Another problem with my mentality is that any time I come across something I don’t know-an aspect of farming, engineering, science, or any myriad number of other things-I get really frustrated and feel like I cannot possibly accomplish all that I want to if I know so little. The fact is that I do know quite a bit, I am young, and it’s not necessary or possible that I know everything. But somehow the desire remains to be a renaissance man, to be able to build things with my hands, design things with my mind, and so on. At present, my strongest ability is my ability to think big and to put my thoughts together on paper. I should recognize that those are incredible strengths, yet my weaknesses drive me crazy.All this leads me back to the whole problem of getting sick every time I get excited. It seems the underlying cause is a fear of not being able to translate the excitement into action, and so I tense my body and run around like a chicken trying to cram as much thought into as little time as possible.
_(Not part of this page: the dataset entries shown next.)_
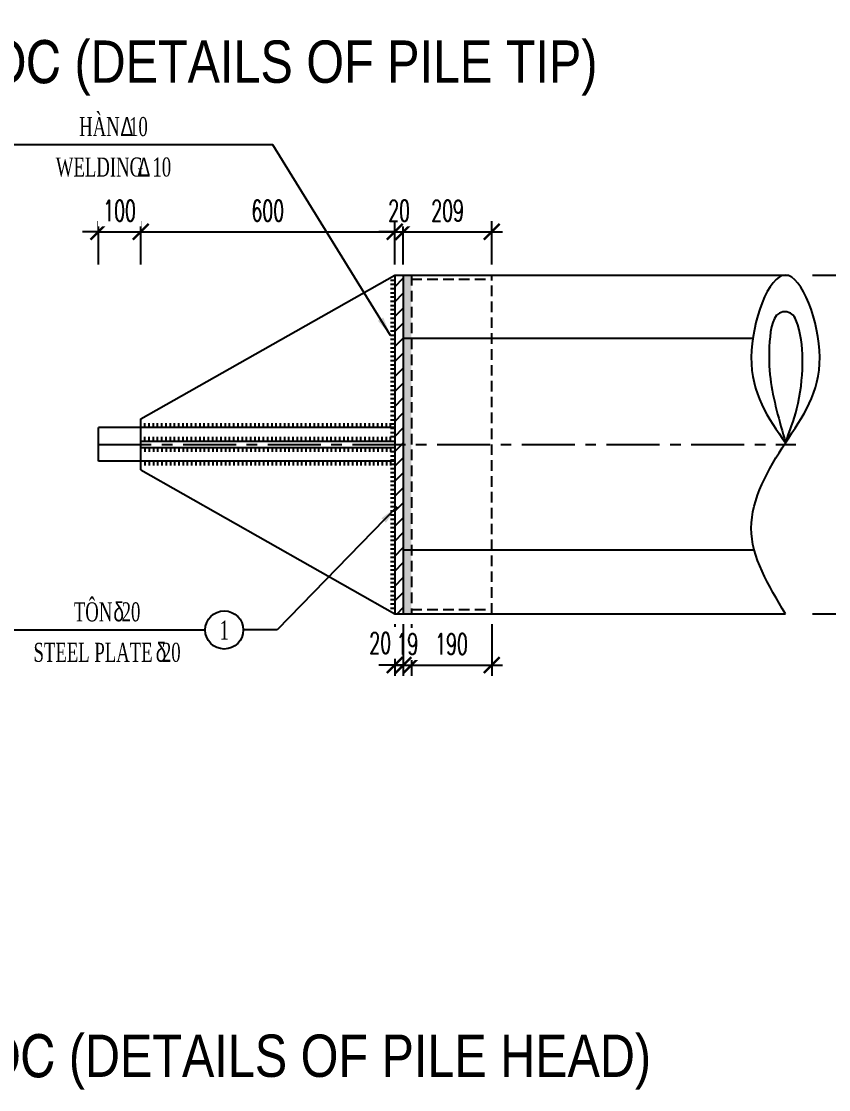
# Model space of a CAD drawing. Extents: x -687 to 808890, y -259 to 107959.
# Drawn here: x 769273 to 771179, y 83181 to 85705 of the extents above; entities that cross this region are included whole.
import ezdxf
from ezdxf.enums import TextEntityAlignment as Align

# ---------------------------------------------------------------- set-up
doc = ezdxf.new("R2010")
doc.units = 0
doc.header["$MEASUREMENT"] = 0
doc.header["$PDMODE"] = 3
doc.linetypes.add('CENTER', pattern=[2, 1.25, -0.25, 0.25, -0.25])
doc.linetypes.add('HIDDEN', pattern=[0.375, 0.25, -0.125])
doc.layers.get('0').update_dxf_attribs({"color": 3, "linetype": 'CONTINUOUS'})
doc.layers.get('DEFPOINTS').update_dxf_attribs({"linetype": 'CONTINUOUS'})
for name, color, linetype in [('Han', 7, 'CONTINUOUS'), ('Hatch', 5, 'CONTINUOUS'), ('Hidden', 4, 'HIDDEN'), ('Kich thuoc', 4, 'CONTINUOUS'), ('Net vang', 2, 'CONTINUOUS'), ('Text', 3, 'CONTINUOUS'), ('Thep dai', 6, 'CONTINUOUS'), ('Tim', 8, 'CENTER')]:
    doc.layers.add(name, color=color, linetype=linetype)
doc.styles.add('Kichthuoc', font='romans.shx', dxfattribs={"width": 0.6})
doc.styles.get("Standard").update_dxf_attribs({"font": 'vntimeh.shx', "width": 0.65})
doc.styles.add('SYMBOL', font='greeks.shx', dxfattribs={"width": 0.8})
doc.styles.add('Ten', font='VHARIALN.TTF')
doc.dimstyles.new('Dim 250', dxfattribs={"dimscale": 250, "dimtxt": 0.2, "dimasz": 0.15, "dimexe": 0.1, "dimexo": 0.1, "dimgap": 0.1, "dimtad": 1, "dimdec": 0, "dimlfac": -1, "dimzin": 0, "dimdsep": 46, "dimtxsty": 'Kichthuoc', "dimblk": 'ARCHTICK', "dimcen": 0.1, "dimdle": 0.1, "dimclrd": 4, "dimclre": 4, "dimclrt": 3, "dimadec": 0, "dimazin": 0, "dimtfac": 1, "dimtdec": 0, "dimtix": 1, "dimtmove": 2, "dimatfit": 3, "dimfxl": 1, "dimtfill": 1, "dimtolj": 1, "dimtzin": 0, "dimarcsym": 0})
doc.dimstyles.new('Le 250', dxfattribs={"dimscale": 250, "dimtxt": 0.22, "dimasz": 0.18, "dimexe": 0.1, "dimexo": 0.2, "dimgap": 0.1, "dimtad": 1, "dimdec": 0, "dimzin": 0, "dimdsep": 46, "dimtxsty": 'Kichthuoc', "dimblk": 'ARCHTICK', "dimcen": 0, "dimdle": 0.1, "dimclrd": 2, "dimclre": 2, "dimclrt": 256, "dimadec": 0, "dimazin": 0, "dimtfac": 1, "dimtdec": 0, "dimtix": 1, "dimtmove": 2, "dimatfit": 3, "dimfxl": 1, "dimtolj": 1, "dimtzin": 0, "dimarcsym": 0})
pattern_1 = [(45, (1262.832, -19380.837), (-17.6776695, 17.6776695), [])]

# ---------------------------------------------------------------- blocks, each defined once
blk = doc.blocks.new('_ArchTick')
at = {"color": 0, "linetype": 'ByBlock', "const_width": 0.15}
blk.add_lwpolyline([(-0.5, -0.5), (0.5, 0.5)], dxfattribs=at)
blk = doc.blocks.new('*D138')
at = {"layer": 'DEFPOINTS', "color": 0}
for p in [(771116, 85105.6), (771116, 84305.6), (771328.2, 84305.6)]:
    blk.add_point(p, dxfattribs=at)
at = {"layer": 'Kich thuoc', "color": 4, "lineweight": -2}
for p, q in [((771328.2, 85130.6), (771328.2, 84280.6)), ((771141, 85105.6), (771353.2, 85105.6)), ((771141, 84305.6), (771353.2, 84305.6))]:
    blk.add_line(p, q, dxfattribs=at)
at = {"layer": 'Kich thuoc', "color": 4, "lineweight": -2, "xscale": 37.5, "yscale": 37.5, "zscale": 37.5}
for p, rotation in [((771328.2, 85105.6), 90), ((771328.2, 84305.6), 270)]:
    blk.add_blockref('_ArchTick', p, dxfattribs=dict(at, rotation=rotation))
at = {"layer": 'Kich thuoc', "color": 3, "insert": (771278.2, 84705.6), "char_height": 50, "attachment_point": 5, "rotation": 90, "style": 'Kichthuoc', "bg_fill": 3, "box_fill_scale": 1.25, "bg_fill_color": 256, "bg_fill_true_color": 13158600, "bg_fill_transparency": 11732736}
blk.add_mtext('\\A1;800', dxfattribs=at)
blk = doc.blocks.new('*D133')
at = {"layer": 'DEFPOINTS', "color": 0}
for p in [(770383.6, 85207.9), (770174.6, 85105.6), (770383.6, 85105.6)]:
    blk.add_point(p, dxfattribs=at)
at = {"layer": 'Kich thuoc', "color": 4, "lineweight": -2}
for p, q in [((770174.6, 85130.6), (770174.6, 85232.9)), ((770383.6, 85130.6), (770383.6, 85232.9)), ((770149.6, 85207.9), (770408.6, 85207.9))]:
    blk.add_line(p, q, dxfattribs=at)
at = {"layer": 'Kich thuoc', "color": 4, "lineweight": -2, "xscale": 37.5, "yscale": 37.5, "zscale": 37.5, "rotation": 180}
blk.add_blockref('_ArchTick', (770174.6, 85207.9), dxfattribs=at)
at = {"layer": 'Kich thuoc', "color": 4, "lineweight": -2, "xscale": 37.5, "yscale": 37.5, "zscale": 37.5}
blk.add_blockref('_ArchTick', (770383.6, 85207.9), dxfattribs=at)
at = {"layer": 'Kich thuoc', "color": 3, "insert": (770279.1, 85257.9), "char_height": 50, "attachment_point": 5, "style": 'Kichthuoc', "bg_fill": 3, "box_fill_scale": 1.25, "bg_fill_color": 256, "bg_fill_true_color": 13158600, "bg_fill_transparency": 894416}
blk.add_mtext('\\A1;209', dxfattribs=at)
blk = doc.blocks.new('*D134')
at = {"layer": 'DEFPOINTS', "color": 0}
for p in [(770193.6, 84305.6), (770383.6, 84305.6), (770383.6, 84184)]:
    blk.add_point(p, dxfattribs=at)
at = {"layer": 'Kich thuoc', "color": 4, "lineweight": -2}
for p, q in [((770193.6, 84280.6), (770193.6, 84159)), ((770383.6, 84280.6), (770383.6, 84159)), ((770168.6, 84184), (770408.6, 84184))]:
    blk.add_line(p, q, dxfattribs=at)
at = {"layer": 'Kich thuoc', "color": 4, "lineweight": -2, "xscale": 37.5, "yscale": 37.5, "zscale": 37.5, "rotation": 180}
blk.add_blockref('_ArchTick', (770193.6, 84184), dxfattribs=at)
at = {"layer": 'Kich thuoc', "color": 4, "lineweight": -2, "xscale": 37.5, "yscale": 37.5, "zscale": 37.5}
blk.add_blockref('_ArchTick', (770383.6, 84184), dxfattribs=at)
at = {"layer": 'Kich thuoc', "color": 3, "insert": (770288.6, 84234), "char_height": 50, "attachment_point": 5, "style": 'Kichthuoc', "bg_fill": 3, "box_fill_scale": 1.25, "bg_fill_color": 256, "bg_fill_true_color": 13158600, "bg_fill_transparency": 11732736}
blk.add_mtext('\\A1;190', dxfattribs=at)
blk = doc.blocks.new('*D135')
at = {"layer": 'DEFPOINTS', "color": 0}
for p in [(770174.6, 84305.6), (770193.6, 84305.6)]:
    blk.add_point(p, dxfattribs=at)
at = {"layer": 'Kich thuoc', "color": 4, "lineweight": -2}
for p, q in [((770174.6, 84280.6), (770174.6, 84159)), ((770193.6, 84280.6), (770193.6, 84159)), ((770174.6, 84184), (770137.1, 84184)), ((770174.6, 84184), (770193.6, 84184)), ((770193.6, 84184), (770231.1, 84184))]:
    blk.add_line(p, q, dxfattribs=at)
at = {"layer": 'Kich thuoc', "color": 4, "lineweight": -2, "xscale": 37.5, "yscale": 37.5, "zscale": 37.5}
blk.add_blockref('_ArchTick', (770174.6, 84184), dxfattribs=at)
at = {"layer": 'Kich thuoc', "color": 4, "lineweight": -2, "xscale": 37.5, "yscale": 37.5, "zscale": 37.5, "rotation": 180}
blk.add_blockref('_ArchTick', (770193.6, 84184), dxfattribs=at)
at = {"layer": 'Kich thuoc', "color": 3, "insert": (770184.1, 84234), "char_height": 50, "attachment_point": 5, "style": 'Kichthuoc', "bg_fill": 3, "box_fill_scale": 1.25, "bg_fill_color": 256, "bg_fill_true_color": 13158600, "bg_fill_transparency": 6403392}
blk.add_mtext('\\A1;19', dxfattribs=at)
at = {"layer": 'DEFPOINTS', "color": 0}
blk.add_point((770193.6, 84184), dxfattribs=at)
blk = doc.blocks.new('*D136')
at = {"layer": 'DEFPOINTS', "color": 0}
for p in [(770154.6, 84305.6), (770174.6, 84305.6), (770174.6, 84184)]:
    blk.add_point(p, dxfattribs=at)
at = {"layer": 'Kich thuoc', "color": 4, "lineweight": -2}
for p, q in [((770154.6, 84280.6), (770154.6, 84159)), ((770174.6, 84280.6), (770174.6, 84159)), ((770154.6, 84184), (770117.1, 84184)), ((770154.6, 84184), (770174.6, 84184)), ((770174.6, 84184), (770212.1, 84184))]:
    blk.add_line(p, q, dxfattribs=at)
at = {"layer": 'Kich thuoc', "color": 3, "insert": (770120, 84236.5), "char_height": 50, "attachment_point": 5, "style": 'Kichthuoc', "bg_fill": 3, "box_fill_scale": 1.25, "bg_fill_color": 256, "bg_fill_true_color": 13158600, "bg_fill_transparency": 6403392}
blk.add_mtext('\\A1;20', dxfattribs=at)
at = {"layer": 'Kich thuoc', "color": 4, "lineweight": -2, "xscale": 37.5, "yscale": 37.5, "zscale": 37.5}
blk.add_blockref('_ArchTick', (770154.6, 84184), dxfattribs=at)
at = {"layer": 'Kich thuoc', "color": 4, "lineweight": -2, "xscale": 37.5, "yscale": 37.5, "zscale": 37.5, "rotation": 180}
blk.add_blockref('_ArchTick', (770174.6, 84184), dxfattribs=at)
blk = doc.blocks.new('*D137')
at = {"layer": 'DEFPOINTS', "color": 0}
for p in [(770154.6, 85105.6), (770174.6, 85105.6)]:
    blk.add_point(p, dxfattribs=at)
at = {"layer": 'Kich thuoc', "color": 4, "lineweight": -2}
for p, q in [((770154.6, 85130.6), (770154.6, 85232.9)), ((770174.6, 85130.6), (770174.6, 85232.9)), ((770154.6, 85207.9), (770117.1, 85207.9)), ((770154.6, 85207.9), (770174.6, 85207.9)), ((770174.6, 85207.9), (770212.1, 85207.9))]:
    blk.add_line(p, q, dxfattribs=at)
at = {"layer": 'Kich thuoc', "color": 4, "lineweight": -2, "xscale": 37.5, "yscale": 37.5, "zscale": 37.5}
blk.add_blockref('_ArchTick', (770154.6, 85207.9), dxfattribs=at)
at = {"layer": 'Kich thuoc', "color": 4, "lineweight": -2, "xscale": 37.5, "yscale": 37.5, "zscale": 37.5, "rotation": 180}
blk.add_blockref('_ArchTick', (770174.6, 85207.9), dxfattribs=at)
at = {"layer": 'Kich thuoc', "color": 3, "insert": (770164.6, 85257.9), "char_height": 50, "attachment_point": 5, "style": 'Kichthuoc', "bg_fill": 3, "box_fill_scale": 1.25, "bg_fill_color": 256, "bg_fill_true_color": 13158600, "bg_fill_transparency": 897180}
blk.add_mtext('\\A1;20', dxfattribs=at)
at = {"layer": 'DEFPOINTS', "color": 0}
blk.add_point((770174.6, 85207.9), dxfattribs=at)
blk = doc.blocks.new('*D126')
at = {"layer": 'DEFPOINTS', "color": 0}
for p in [(770154.6, 85207.9), (769554.6, 85105.6), (770154.6, 85105.6)]:
    blk.add_point(p, dxfattribs=at)
at = {"layer": 'Kich thuoc', "color": 4, "lineweight": -2}
for p, q in [((769554.6, 85130.6), (769554.6, 85232.9)), ((770154.6, 85130.6), (770154.6, 85232.9)), ((769529.6, 85207.9), (770179.6, 85207.9))]:
    blk.add_line(p, q, dxfattribs=at)
at = {"layer": 'Kich thuoc', "color": 4, "lineweight": -2, "xscale": 37.5, "yscale": 37.5, "zscale": 37.5, "rotation": 180}
blk.add_blockref('_ArchTick', (769554.6, 85207.9), dxfattribs=at)
at = {"layer": 'Kich thuoc', "color": 4, "lineweight": -2, "xscale": 37.5, "yscale": 37.5, "zscale": 37.5}
blk.add_blockref('_ArchTick', (770154.6, 85207.9), dxfattribs=at)
at = {"layer": 'Kich thuoc', "color": 3, "insert": (769854.6, 85257.9), "char_height": 50, "attachment_point": 5, "style": 'Kichthuoc', "bg_fill": 3, "box_fill_scale": 1.25, "bg_fill_color": 256, "bg_fill_true_color": 13158600, "bg_fill_transparency": 11732736}
blk.add_mtext('\\A1;600', dxfattribs=at)
blk = doc.blocks.new('*D127')
at = {"layer": 'DEFPOINTS', "color": 0}
for p in [(769454.6, 85105.6), (769554.6, 85105.6)]:
    blk.add_point(p, dxfattribs=at)
at = {"layer": 'Kich thuoc', "color": 4, "lineweight": -2}
for p, q in [((769454.6, 85130.6), (769454.6, 85232.9)), ((769554.6, 85130.6), (769554.6, 85232.9)), ((769454.6, 85207.9), (769417.1, 85207.9)), ((769454.6, 85207.9), (769554.6, 85207.9)), ((769554.6, 85207.9), (769592.1, 85207.9))]:
    blk.add_line(p, q, dxfattribs=at)
at = {"layer": 'Kich thuoc', "color": 4, "lineweight": -2, "xscale": 37.5, "yscale": 37.5, "zscale": 37.5}
blk.add_blockref('_ArchTick', (769454.6, 85207.9), dxfattribs=at)
at = {"layer": 'Kich thuoc', "color": 4, "lineweight": -2, "xscale": 37.5, "yscale": 37.5, "zscale": 37.5, "rotation": 180}
blk.add_blockref('_ArchTick', (769554.6, 85207.9), dxfattribs=at)
at = {"layer": 'Kich thuoc', "color": 3, "insert": (769504.6, 85257.9), "char_height": 50, "attachment_point": 5, "style": 'Kichthuoc', "bg_fill": 3, "box_fill_scale": 1.25, "bg_fill_color": 256, "bg_fill_true_color": 13158600, "bg_fill_transparency": 771980}
blk.add_mtext('\\A1;100', dxfattribs=at)
at = {"layer": 'DEFPOINTS', "color": 0}
blk.add_point((769554.6, 85207.9), dxfattribs=at)

msp = doc.modelspace()

# ---------------------------------------------------------------- linework, layer by layer
msp.add_line((769554.6, 84645.6), (769554.6, 84765.6))
at = {"layer": 'Han'}
for p, q in [((770154.6, 85083.1), (770144.6, 85083.1)), ((770154.6, 85073.1), (770144.6, 85073.1)), ((770154.6, 85063.1), (770144.6, 85063.1)), ((770154.6, 85053.1), (770144.6, 85053.1)), ((770154.6, 85043.1), (770144.6, 85043.1)), ((770154.6, 85033.1), (770144.6, 85033.1)), ((770154.6, 85023.1), (770144.6, 85023.1)), ((770154.6, 85013.1), (770144.6, 85013.1)), ((770154.6, 85003.1), (770144.6, 85003.1)), ((770154.6, 84993.1), (770144.6, 84993.1)), ((770154.6, 84983.1), (770144.6, 84983.1)), ((770154.6, 84973.1), (770144.6, 84973.1)), ((770154.6, 84963.1), (770144.6, 84963.1)), ((770154.6, 84953.1), (770144.6, 84953.1)), ((770154.6, 84943.1), (770144.6, 84943.1)), ((770154.6, 84933.1), (770144.6, 84933.1)), ((770154.6, 84923.1), (770144.6, 84923.1)), ((770154.6, 84913.1), (770144.6, 84913.1)), ((770154.6, 84903.1), (770144.6, 84903.1)), ((770154.6, 84893.1), (770144.6, 84893.1)), ((770154.6, 84883.1), (770144.6, 84883.1)), ((770154.6, 84873.1), (770144.6, 84873.1)), ((770154.6, 84863.1), (770144.6, 84863.1)), ((770154.6, 84853.1), (770144.6, 84853.1)), ((770154.6, 84843.1), (770144.6, 84843.1)), ((770154.6, 84833.1), (770144.6, 84833.1)), ((770154.6, 84823.1), (770144.6, 84823.1)), ((770154.6, 84813.1), (770144.6, 84813.1)), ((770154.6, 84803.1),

I need to learn to relax, let the ideas sink in, view then as a beautiful and fun process that slowly unfolds as my understanding keeps up with the new knowledge needed to complete the next step. The great thing about doing a thesis is that I will do something-at the end of two years I will have an M.A. in Environmental Studies from Brown University, regardless of how much I drive myself crazy in the process. I guess what excites me most is the realization that finally, after years of wishing I could at least complete one great idea, I will now be forced (and have the opportunity) to see that dream come to fruition.The question is not if my thesis and what I do with my life live up to my ideals; the question is how calm I can remain in the face of my overwhelming passion, enthusiasm and eagerness for both life and ideas.